▸ Source material:
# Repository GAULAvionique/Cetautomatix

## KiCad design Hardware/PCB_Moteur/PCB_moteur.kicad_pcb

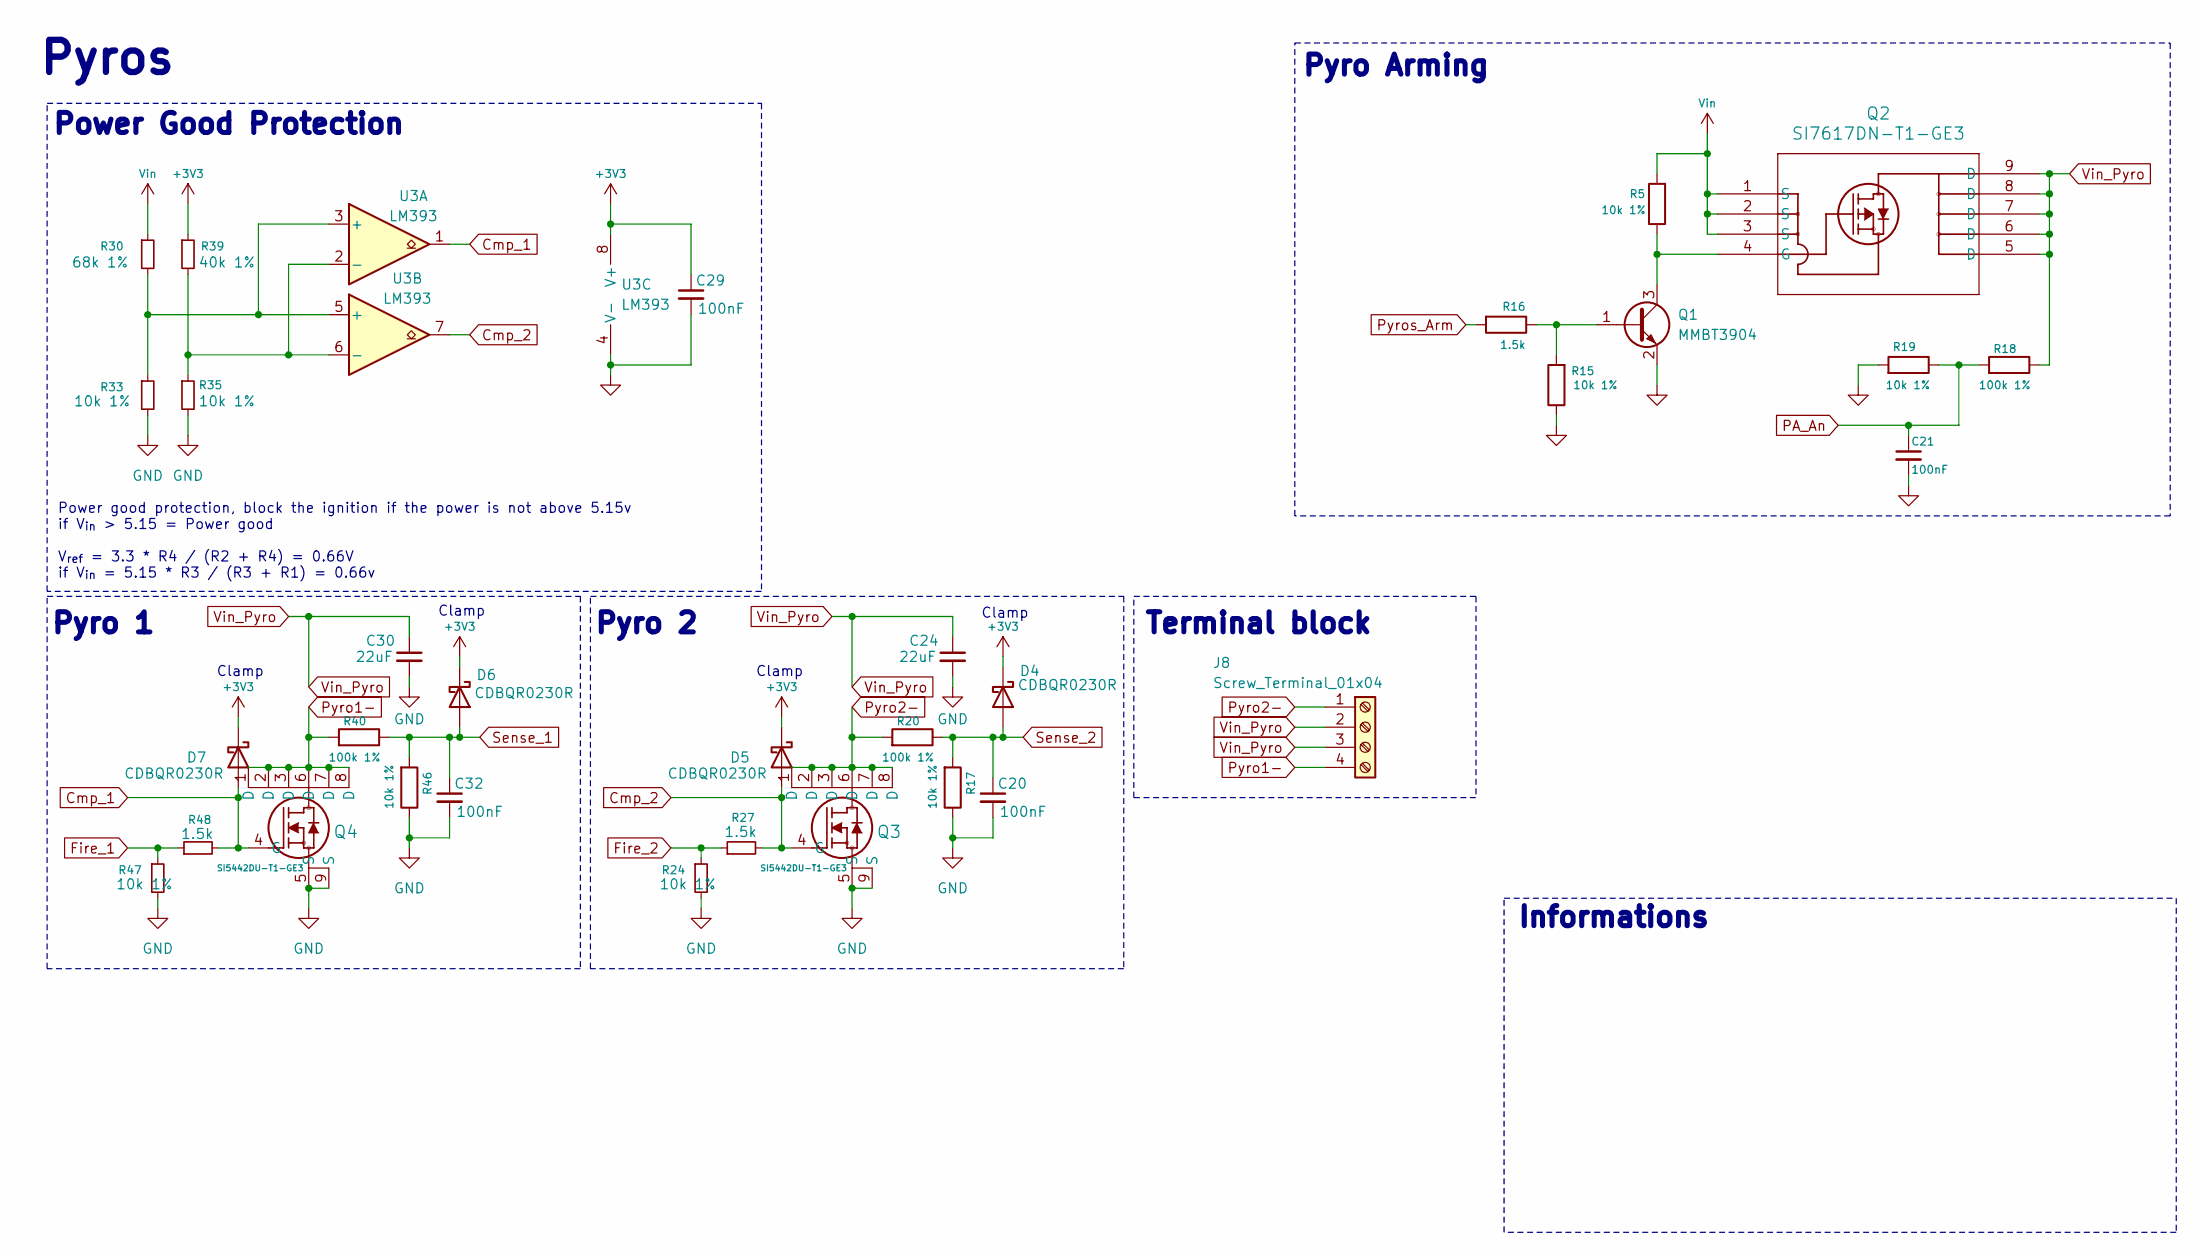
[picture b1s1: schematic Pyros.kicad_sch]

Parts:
C20, C21, C29, C32: 100nF; C_0805_2012Metric; Manufacturer_Part_Number C0805C104K5RACTU; DigiKey_Part_Number 399-C0805C104K5RACTUCT-ND
C24, C30: 22uF; C_0805_2012Metric; Manufacturer_Part_Number C2012X5R1V226M125AC; DigiKey_Part_Number 445-14428-1-ND
D4, D5, D6, D7: CDBQR0230R; D_0603_1608Metric; Manufacturer_Part_Number CD0603-B0340R; DigiKey_Part_Number CD0603-B0340RCT-ND
J8: Screw_Terminal_01x04; CONN_OSTVN04A150_OST; Manufacturer_Part_Number OSTVN04A150; DigiKey_Part_Number ED10563-ND
Q1: MMBT3904; SOT-23; Manufacturer_Part_Number MMBT3904LT1G; DigiKey_Part_Number MMBT3904LT1GOSCT-ND
Q2: SI7617DN-T1-GE3; POWERPAK_1212-8_VIS; Manufacturer_Part_Number SI7617DN-T1-GE3; DigiKey_Part_Number SI7617DN-T1-GE3CT-ND
Q3, Q4: SI5442DU-T1-GE3; SON_8DU-T1-GE3_VIS; Manufacturer_Part_Number SI5442DU-T1-GE3; DigiKey_Part_Number SI5442DU-T1-GE3CT-ND
R5, R15, R17, R19, R24, R33, R35, R46, R47: 10k 1%; R_0805_2012Metric; Manufacturer_Part_Number CRCW080510K0FKEA; DigiKey_Part_Number 541-10.0KCCT-ND
R16, R27, R48: 1.5k; R_0805_2012Metric; Manufacturer_Part_Number RC0805FR-071K5L; DigiKey_Part_Number 311-1.50KCRCT-ND
R18, R20, R40: 100k 1%; R_0805_2012Metric; Manufacturer_Part_Number RC0805FR-07100KL; DigiKey_Part_Number 311-100KCRCT-ND
R30: 68k 1%; R_0805_2012Metric; Manufacturer_Part_Number RMCF0805FT68K0; DigiKey_Part_Number RMCF0805FT68K0CT-ND
R39: 40k 1%; R_0805_2012Metric; Manufacturer_Part_Number CRCW080540K0FKEA; DigiKey_Part_Number 541-CRCW080540K0FKEACT-ND
U3: LM393; SOIC-8_3.9x4.9mm_P1.27mm; Manufacturer_Part_Number LM393DR; DigiKey_Part_Number 296-1015-1-ND

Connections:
3V3_Main: C29.1, D4.1 (K), D5.1 (K), D6.1 (K), D7.1 (K), R39.1, U3.8 (V+); also elsewhere on the board
Cmp_1: D7.2 (A), Q4.4 (G), R48.2, U3.1
Cmp_2: D5.2 (A), Q3.4 (G), R27.2, U3.7
Fire_1: R47.1, R48.1; also elsewhere on the board
Fire_2: R24.1, R27.1; also elsewhere on the board
GND: C20.2, C21.2, C24.2, C29.2, C30.2, C32.2, Q1.2 (E), Q3.5 (S), Q3.9 (S), Q4.5 (S), Q4.9 (S), R15.1, R17.1, R19.2, R24.2, R33.2, R35.2, R46.1, R47.2, U3.4 (V-); also elsewhere on the board
unnamed: Q1.1 (B), R15.2, R16.1
unnamed: Q1.3 (C), Q2.4 (G), R5.1
unnamed: R30.2, R33.1, U3.3 (+), U3.5 (+)
unnamed: R35.1, R39.2, U3.2 (-), U3.6 (-)
PA_An: C21.1, R18.2, R19.1; also elsewhere on the board
Pyro1-: J8.4, Q4.1 (D), Q4.2 (D), Q4.3 (D), Q4.6 (D), Q4.7 (D), Q4.8 (D), R40.2
Pyro2-: J8.1, Q3.1 (D), Q3.2 (D), Q3.3 (D), Q3.6 (D), Q3.7 (D), Q3.8 (D), R20.2
Pyros_Arm: R16.2; also elsewhere on the board
Sense_1: C32.1, D6.2 (A), R40.1, R46.2; also elsewhere on the board
Sense_2: C20.1, D4.2 (A), R17.2, R20.1; also elsewhere on the board
VIN_Filtered: Q2.1 (S), Q2.2 (S), Q2.3 (S), R5.2, R30.1; also elsewhere on the board
Vin_Pyro: C24.1, C30.1, J8.2, J8.3, Q2.5 (D), Q2.6 (D), Q2.7 (D), Q2.8 (D), Q2.9 (D), R18.1

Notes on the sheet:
Power good protection, block the ignition if the power is not above 5.15v if V_{in} > 5.15 = Power good V_{ref} = 3.3 * R4 / (R2 + R4) = 0.66V if V_{in} = 5.15 * R3 / (R3 + R1) = 0.66v
Clamp
Pyro 1
Terminal block
Pyro Arming
Pyros
Informations
Power Good Protection
Pyro 2

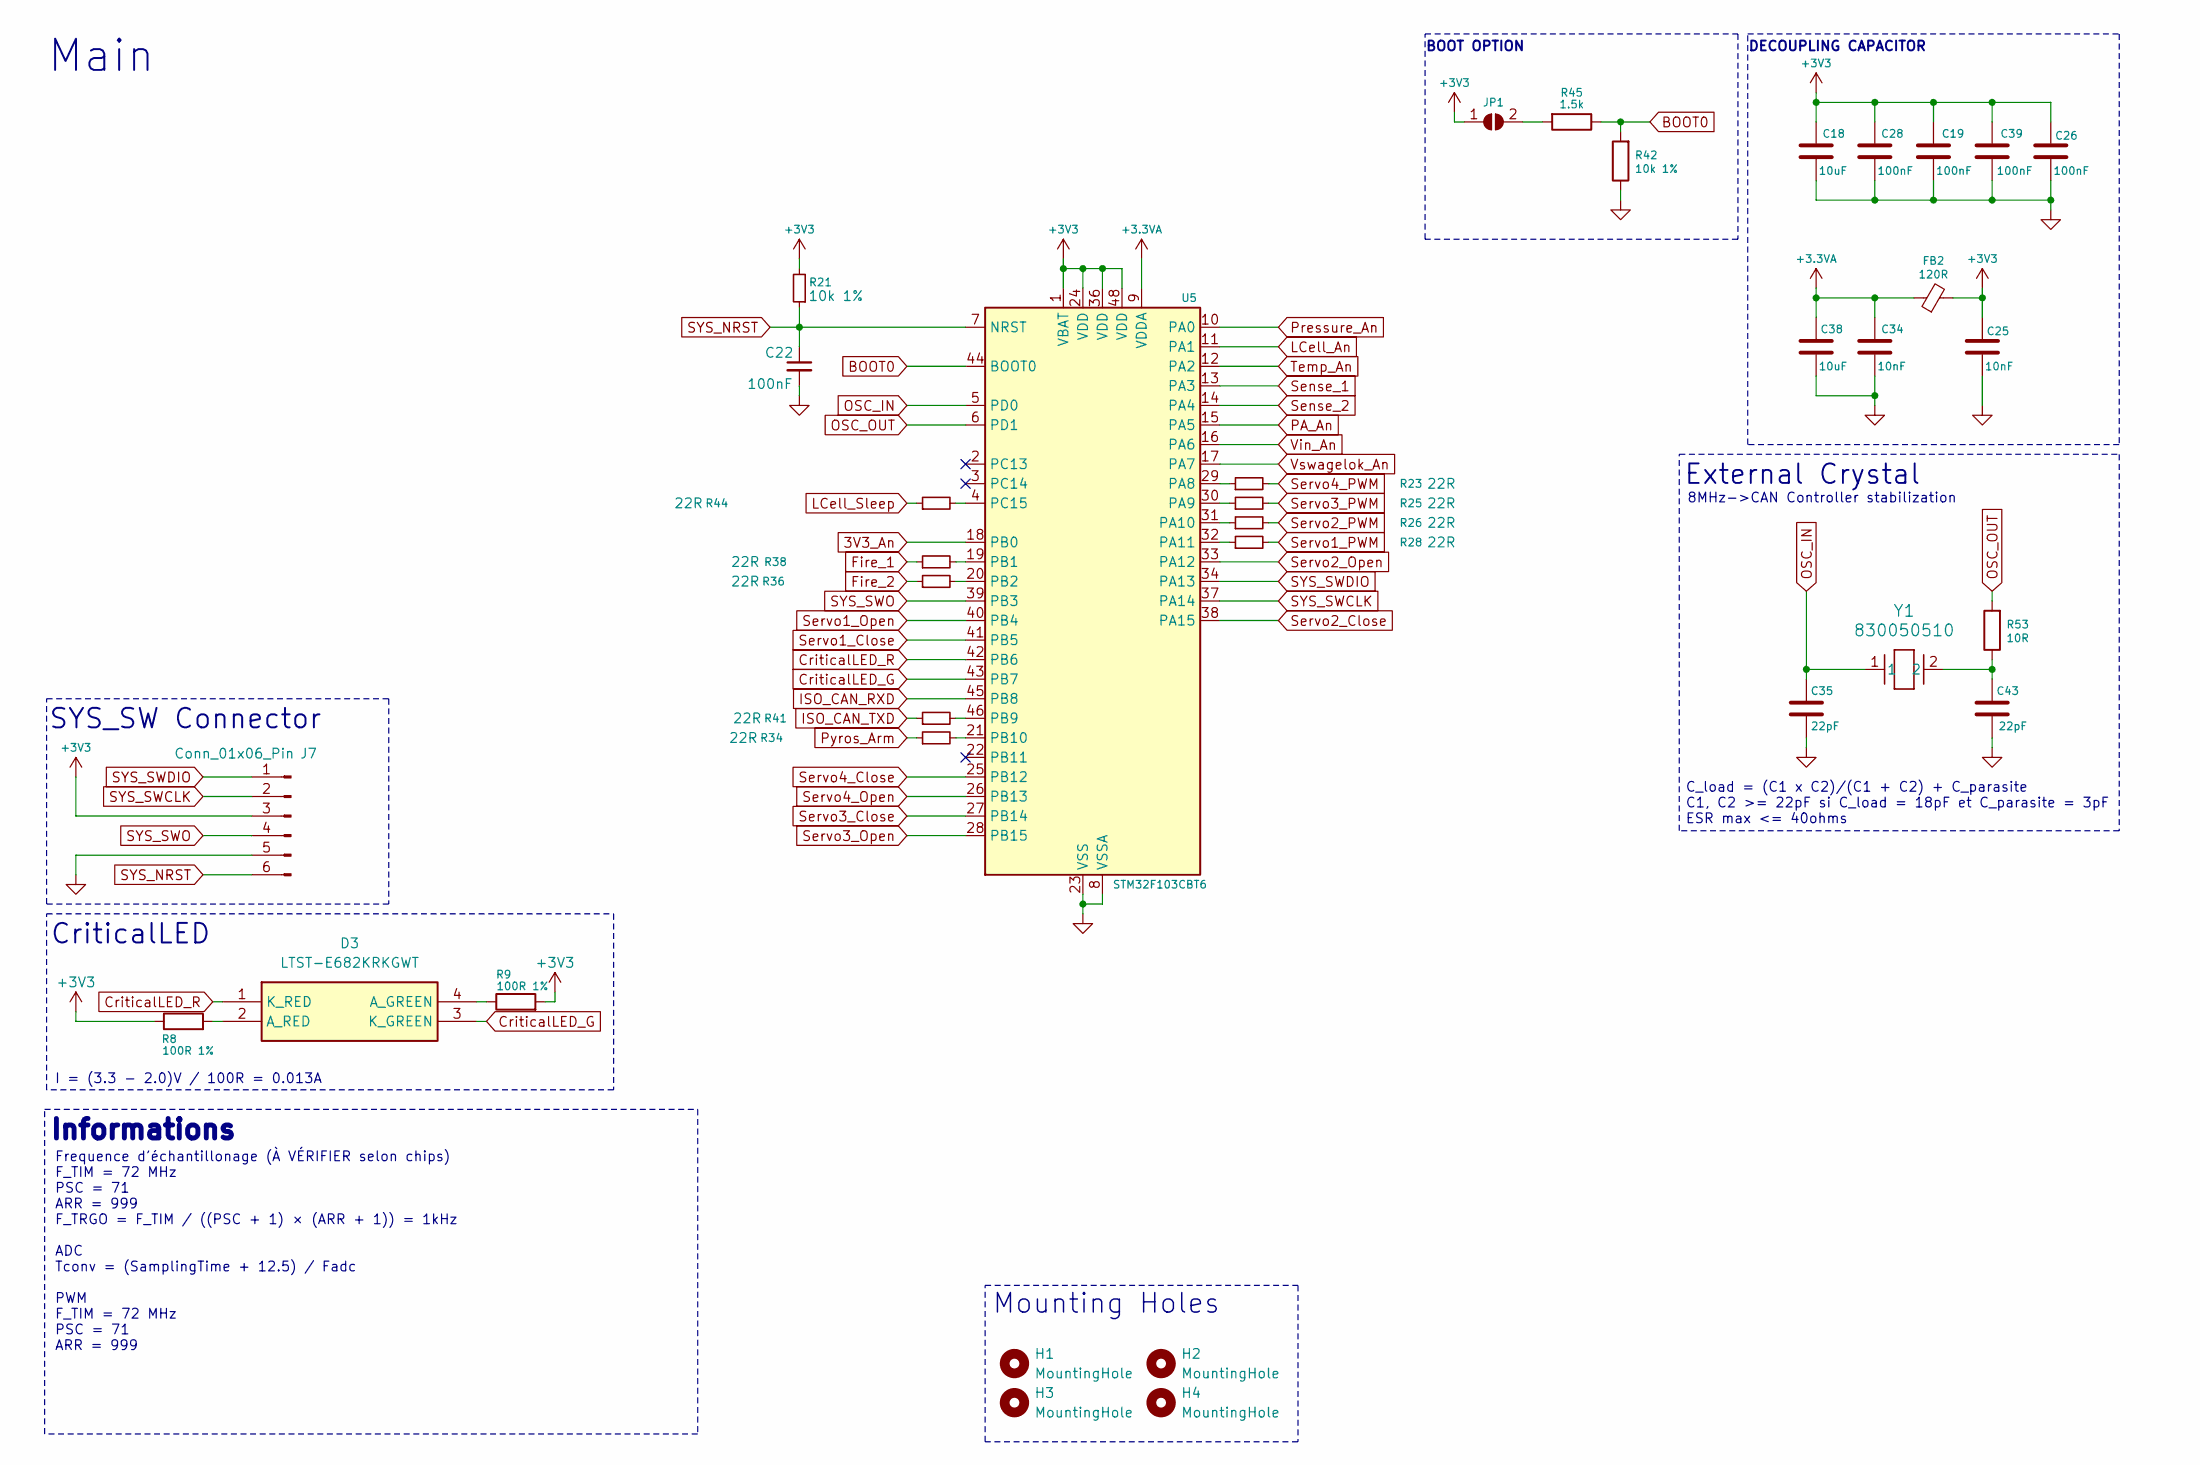
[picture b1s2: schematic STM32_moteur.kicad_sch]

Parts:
C18, C38: 10uF; C_0805_2012Metric; Manufacturer_Part_Number CL21A106KAYNNNE; DigiKey_Part_Number 1276-2891-1-ND
C19, C22, C26, C28, C39: 100nF; C_0805_2012Metric; Manufacturer_Part_Number C0805C104K5RACTU; DigiKey_Part_Number 399-C0805C104K5RACTUCT-ND
C25, C34: 10nF; C_0603_1608Metric; Manufacturer_Part_Number C0603C103K5RACTU; DigiKey_Part_Number 399-C0603C103K5RACTUCT-ND
C35, C43: 22pF; C_0805_2012Metric; Manufacturer_Part_Number QSCT251Q220F1GV001E; DigiKey_Part_Number 712-QSCT251Q220F1GV001ECT-ND
D3: LTST-E682KRKGWT; LTSTE683RGBW; Mouser Part Number 859-LTST-E682KRKGWT
FB2: 120R; L_0805_2012Metric; Manufacturer_Part_Number 2508051217Y6; DigiKey_Part_Number 1934-1472-1-ND
H1, H2, H3, H4: MountingHole; MountingHole_4.3mm_M4
J7: Conn_01x06_Pin; PinHeader_1x06_P2.54mm_Vertical; Manufacturer_Part_Number 61300611121; DigiKey_Part_Number 732-5319-ND
JP1: SolderJumper_2_Open; SolderJumper-2_P1.3mm_Open_TrianglePad1.0x1.5mm
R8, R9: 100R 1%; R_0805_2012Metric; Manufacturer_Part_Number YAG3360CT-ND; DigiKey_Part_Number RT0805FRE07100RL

▸ Problem statement: Repeat the listing above word for word. Do not include the pictures.

▸ Response area:
# Repository GAULAvionique/Cetautomatix

## KiCad design Hardware/PCB_Moteur/PCB_moteur.kicad_pcb

[picture b1s1: schematic Pyros.kicad_sch]

Parts:
C20, C21, C29, C32: 100nF; C_0805_2012Metric; Manufacturer_Part_Number C0805C104K5RACTU; DigiKey_Part_Number 399-C0805C104K5RACTUCT-ND
C24, C30: 22uF; C_0805_2012Metric; Manufacturer_Part_Number C2012X5R1V226M125AC; DigiKey_Part_Number 445-14428-1-ND
D4, D5, D6, D7: CDBQR0230R; D_0603_1608Metric; Manufacturer_Part_Number CD0603-B0340R; DigiKey_Part_Number CD0603-B0340RCT-ND
J8: Screw_Terminal_01x04; CONN_OSTVN04A150_OST; Manufacturer_Part_Number OSTVN04A150; DigiKey_Part_Number ED10563-ND
Q1: MMBT3904; SOT-23; Manufacturer_Part_Number MMBT3904LT1G; DigiKey_Part_Number MMBT3904LT1GOSCT-ND
Q2: SI7617DN-T1-GE3; POWERPAK_1212-8_VIS; Manufacturer_Part_Number SI7617DN-T1-GE3; DigiKey_Part_Number SI7617DN-T1-GE3CT-ND
Q3, Q4: SI5442DU-T1-GE3; SON_8DU-T1-GE3_VIS; Manufacturer_Part_Number SI5442DU-T1-GE3; DigiKey_Part_Number SI5442DU-T1-GE3CT-ND
R5, R15, R17, R19, R24, R33, R35, R46, R47: 10k 1%; R_0805_2012Metric; Manufacturer_Part_Number CRCW080510K0FKEA; DigiKey_Part_Number 541-10.0KCCT-ND
R16, R27, R48: 1.5k; R_0805_2012Metric; Manufacturer_Part_Number RC0805FR-071K5L; DigiKey_Part_Number 311-1.50KCRCT-ND
R18, R20, R40: 100k 1%; R_0805_2012Metric; Manufacturer_Part_Number RC0805FR-07100KL; DigiKey_Part_Number 311-100KCRCT-ND
R30: 68k 1%; R_0805_2012Metric; Manufacturer_Part_Number RMCF0805FT68K0; DigiKey_Part_Number RMCF0805FT68K0CT-ND
R39: 40k 1%; R_0805_2012Metric; Manufacturer_Part_Number CRCW080540K0FKEA; DigiKey_Part_Number 541-CRCW080540K0FKEACT-ND
U3: LM393; SOIC-8_3.9x4.9mm_P1.27mm; Manufacturer_Part_Number LM393DR; DigiKey_Part_Number 296-1015-1-ND

Connections:
3V3_Main: C29.1, D4.1 (K), D5.1 (K), D6.1 (K), D7.1 (K), R39.1, U3.8 (V+); also elsewhere on the board
Cmp_1: D7.2 (A), Q4.4 (G), R48.2, U3.1
Cmp_2: D5.2 (A), Q3.4 (G), R27.2, U3.7
Fire_1: R47.1, R48.1; also elsewhere on the board
Fire_2: R24.1, R27.1; also elsewhere on the board
GND: C20.2, C21.2, C24.2, C29.2, C30.2, C32.2, Q1.2 (E), Q3.5 (S), Q3.9 (S), Q4.5 (S), Q4.9 (S), R15.1, R17.1, R19.2, R24.2, R33.2, R35.2, R46.1, R47.2, U3.4 (V-); also elsewhere on the board
unnamed: Q1.1 (B), R15.2, R16.1
unnamed: Q1.3 (C), Q2.4 (G), R5.1
unnamed: R30.2, R33.1, U3.3 (+), U3.5 (+)
unnamed: R35.1, R39.2, U3.2 (-), U3.6 (-)
PA_An: C21.1, R18.2, R19.1; also elsewhere on the board
Pyro1-: J8.4, Q4.1 (D), Q4.2 (D), Q4.3 (D), Q4.6 (D), Q4.7 (D), Q4.8 (D), R40.2
Pyro2-: J8.1, Q3.1 (D), Q3.2 (D), Q3.3 (D), Q3.6 (D), Q3.7 (D), Q3.8 (D), R20.2
Pyros_Arm: R16.2; also elsewhere on the board
Sense_1: C32.1, D6.2 (A), R40.1, R46.2; also elsewhere on the board
Sense_2: C20.1, D4.2 (A), R17.2, R20.1; also elsewhere on the board
VIN_Filtered: Q2.1 (S), Q2.2 (S), Q2.3 (S), R5.2, R30.1; also elsewhere on the board
Vin_Pyro: C24.1, C30.1, J8.2, J8.3, Q2.5 (D), Q2.6 (D), Q2.7 (D), Q2.8 (D), Q2.9 (D), R18.1

Notes on the sheet:
Power good protection, block the ignition if the power is not above 5.15v if V_{in} > 5.15 = Power good V_{ref} = 3.3 * R4 / (R2 + R4) = 0.66V if V_{in} = 5.15 * R3 / (R3 + R1) = 0.66v
Clamp
Pyro 1
Terminal block
Pyro Arming
Pyros
Informations
Power Good Protection
Pyro 2

[picture b1s2: schematic STM32_moteur.kicad_sch]

Parts:
C18, C38: 10uF; C_0805_2012Metric; Manufacturer_Part_Number CL21A106KAYNNNE; DigiKey_Part_Number 1276-2891-1-ND
C19, C22, C26, C28, C39: 100nF; C_0805_2012Metric; Manufacturer_Part_Number C0805C104K5RACTU; DigiKey_Part_Number 399-C0805C104K5RACTUCT-ND
C25, C34: 10nF; C_0603_1608Metric; Manufacturer_Part_Number C0603C103K5RACTU; DigiKey_Part_Number 399-C0603C103K5RACTUCT-ND
C35, C43: 22pF; C_0805_2012Metric; Manufacturer_Part_Number QSCT251Q220F1GV001E; DigiKey_Part_Number 712-QSCT251Q220F1GV001ECT-ND
D3: LTST-E682KRKGWT; LTSTE683RGBW; Mouser Part Number 859-LTST-E682KRKGWT
FB2: 120R; L_0805_2012Metric; Manufacturer_Part_Number 2508051217Y6; DigiKey_Part_Number 1934-1472-1-ND
H1, H2, H3, H4: MountingHole; MountingHole_4.3mm_M4
J7: Conn_01x06_Pin; PinHeader_1x06_P2.54mm_Vertical; Manufacturer_Part_Number 61300611121; DigiKey_Part_Number 732-5319-ND
JP1: SolderJumper_2_Open; SolderJumper-2_P1.3mm_Open_TrianglePad1.0x1.5mm
R8, R9: 100R 1%; R_0805_2012Metric; Manufacturer_Part_Number YAG3360CT-ND; DigiKey_Part_Number RT0805FRE07100RL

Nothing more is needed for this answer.